Recently, preclinical studies have also demonstrated promising antitumor activity in vivo with a lethally irradiated, MHC-unrestricted, cytotoxic T-cell leukemic clone (TALL-104) (Cesano et al., Cancer Immunol. Immunofher. 40:139-151 (1995); Cesano et al., Blood 87:393-403 (1996)). These cells were derived from leukemia T cell lines obtained from patients having acute T lymphoblastic leukemias (ALL). They bear the CD3 cell surface marker, but not the CD56 marker, in distinction to NK cells which have the converse immunophenotype (CD3− CD56+). Adoptive transfer of these cells was able to eliminate human leukemic cell lines in xenografted severe combined immunodeficient (SCID) mice and to induce remissions of spontaneous lymphomas in dogs without producing T-cell leukemia in the animal models (Cesano et al. (1995); Cesano et al. (1996); Cesano et al., J. Clin. Invest. 94:1076-1084 (1994); Cesano et al., Cancer Res. 56:3021-3029 (1996)).
In spite of the advantageous properties of NK cells in killing tumor cells and virus-infected cells, they remain difficult to work with and to apply in immunotherapy. It is difficult to expand NK cells ex vivo that maintain their tumor-targeting, tumoricidal, and viricidal capabilities in vivo. This remains a major obstacle to their clinical use in adoptive cell immunotherapy (Melder et al., Cancer Research 48:3461-3469 (1988); Stephen et al., Leuk. Lymphoma 377-399 (1992); Rosenberg et al., New Engl. J. Med. 316:889-897 (1987)). Studies of the mechanisms whereby NK cells exert their tumoricidal and viricidal effects are also limited by difficulties in enriching the NK cell fractions without compromising their biological functions and in obtaining pure NK cells that are not contaminated by T cells or other immune effector cells. In an attempt to overcome these problems, many investigators have turned to the use of established NK-like cell lines to explore the mechanisms whereby target cells are susceptible to cytotoxic cells (Hercend et al., Nature 301:158-160 (1983); Yodoi et al., J. Immunol. 134:1623-1630 (1985); Fernandez et al., Blood 67:925-930 (1986); Robertson et al., Exp. Hematol. 24:406-415 (1996); Gong et al., Leukemia 8:652-658 (1994)). NK cell lines described in earlier work carry T lymphocyte-associated surface markers, in spite of the fact that they were developed from precursor cells depleted of T cells (Rosenberg, et al. (1987); Hercend, et al., (1983)).
There thus remains a need for a method of treating a pathology related to cancer or a viral infection with a natural killer cell line that maintains viability and therapeutic effectiveness against a variety of tumor classes.
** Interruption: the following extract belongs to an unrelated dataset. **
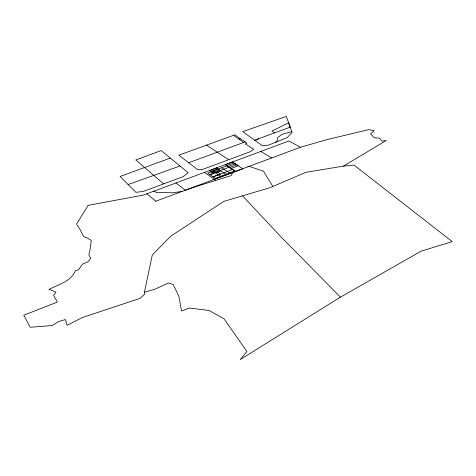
<?xml version="1.0" encoding="UTF-8"?>
<svg xmlns="http://www.w3.org/2000/svg" width="476" height="476" viewBox="0 0 476 476"><rect width="100%" height="100%" fill="white"/><g stroke="black" fill="none" stroke-linecap="round" stroke-linejoin="round"><path stroke-width="0.71" d="M144.406 292.294L152.272 254.993L170.807 236.132L223.839 201.366L270.065 187.651L305.895 172.33L343.488 166.112L354.019 165.101L452.2 241.6L421.058 251.197L339.209 297.863L240.231 359.594L246.913 351.514L223.976 318.73L208.988 310.483L189.323 308.037L181.564 311.024L178.863 296.262L173.258 284.594L168.599 282.911L154.95 289.182L144.406 292.294L144.847 293.924L140.128 298.327L82.491 317.498L67.045 325.346L65.456 319.551L58.756 321.496L52.217 325.56L30.22 327.256L23.8 315.201L57.423 302.07L53.52 295.197L55.984 292.24L51.259 290.068L48.873 289.557C58.31 284.297 71.18 281.679 75.488 270.57L78.588 269.797L82.443 264.138L87.804 261.996L90.809 258.337L88.845 254.791L90.029 250.025L91.261 240.428L86.983 237.762L83.657 236.614L80.075 229.628L76.576 224.095L88.173 205.334L143.3 195.106L146.846 193.786L155.795 201.217M247.865 166.802L232.782 172.449L231.259 175.585L194.113 187.157L185.42 190.269M274.7 132.81L258.498 138.784L255.201 140.581L242.712 131.638L286.356 116.406L292.085 132.489L287.153 137.671L268.482 145.132L262.472 145.823L255.201 140.581M275.533 142.312L277.068 141.098L277.645 137.582L281.923 134.387L291.853 131.644M343.488 166.112L386.28 140.474L381.99 141.146L379.658 138.129L374.362 137.85L370.56 133.827L374.243 130.739L368.686 129.633L326.5 139.73L300.356 147.298M240.261 138.772L234.983 134.809L178.845 155.164L197.54 169.551L202.83 169.331L250.608 151.582L253.631 149.333L245.307 143.859L246.865 143.33L245.194 141.89L240.261 138.772L239.077 139.188L233.383 135.392M188.663 162.727L245.194 141.89M247.829 166.814L300.392 147.286L288.908 140.997L146.882 193.774M155.753 201.229L232.782 172.449M210.707 171.622L217.972 168.903M226.653 165.66L233.859 162.965M212.1 172.592L219.388 169.861M228.093 166.6L235.322 163.899M209.732 174.484L229.248 167.171M210.19 174.805L220.81 170.83M229.545 167.558L236.792 164.839M231.003 168.516L238.274 165.785L232.407 162.036L225.225 164.72M212.992 176.792L220.364 174.026L217.514 172.062M213.093 176.864L232.758 169.48M254.6 140.236L258.498 138.784M216.574 167.951L209.327 170.658L213.498 173.567M163.643 183.873L183.105 176.685L188.181 172.717L161.203 150.565L135.833 159.96L163.643 183.873L143.401 191.411L135.892 192.334L120.095 176.489L170.224 158.115M204.454 172.407L214.295 179.321L242.891 168.736L232.359 161.989M290.235 127.181L274.622 132.81L271.963 131.073L288.664 122.808L290.158 127.181M128.127 184.545L180.106 165.945M182.076 191.501L171.782 192.804L156.58 192.423L153.57 191.257M201.324 184.236L202.401 184.563M249.067 166.356L263.46 171.158L272.825 186.467M271.766 157.961L260.747 151.439M206.483 145.144L228.706 159.692M225.16 164.672L235.507 171.473M221.756 167.754L229.539 172.972M216.509 167.909L226.606 174.763M213.046 171.015L220.68 176.304M239.077 139.188L243.652 142.455M175.947 183.046L185.456 190.257M214.254 179.333L215.693 180.559M340.429 297.167L280.126 235.983L242.552 195.815M234.971 170.932L215.211 178.363L207.667 173.026L227.094 165.761L234.971 170.932"/></g></svg>

This need encompasses therapeutic methods in which samples from a mammal are treated ex vivo with natural killer cells, as well as methods of treatment of these pathologies with natural killer cells in vivo in a mammal. There is also a need for a natural killer cell line that maintains its own propensity for viability and cytolytic activity by secreting a cytokine which fosters these properties. There also remains a need for such natural killer cell lines which are modified to be more effective, convenient, and/or useful in treatment of cancer and viral infection. It is the objective of this invention to provide NK cells and methods that address these needs.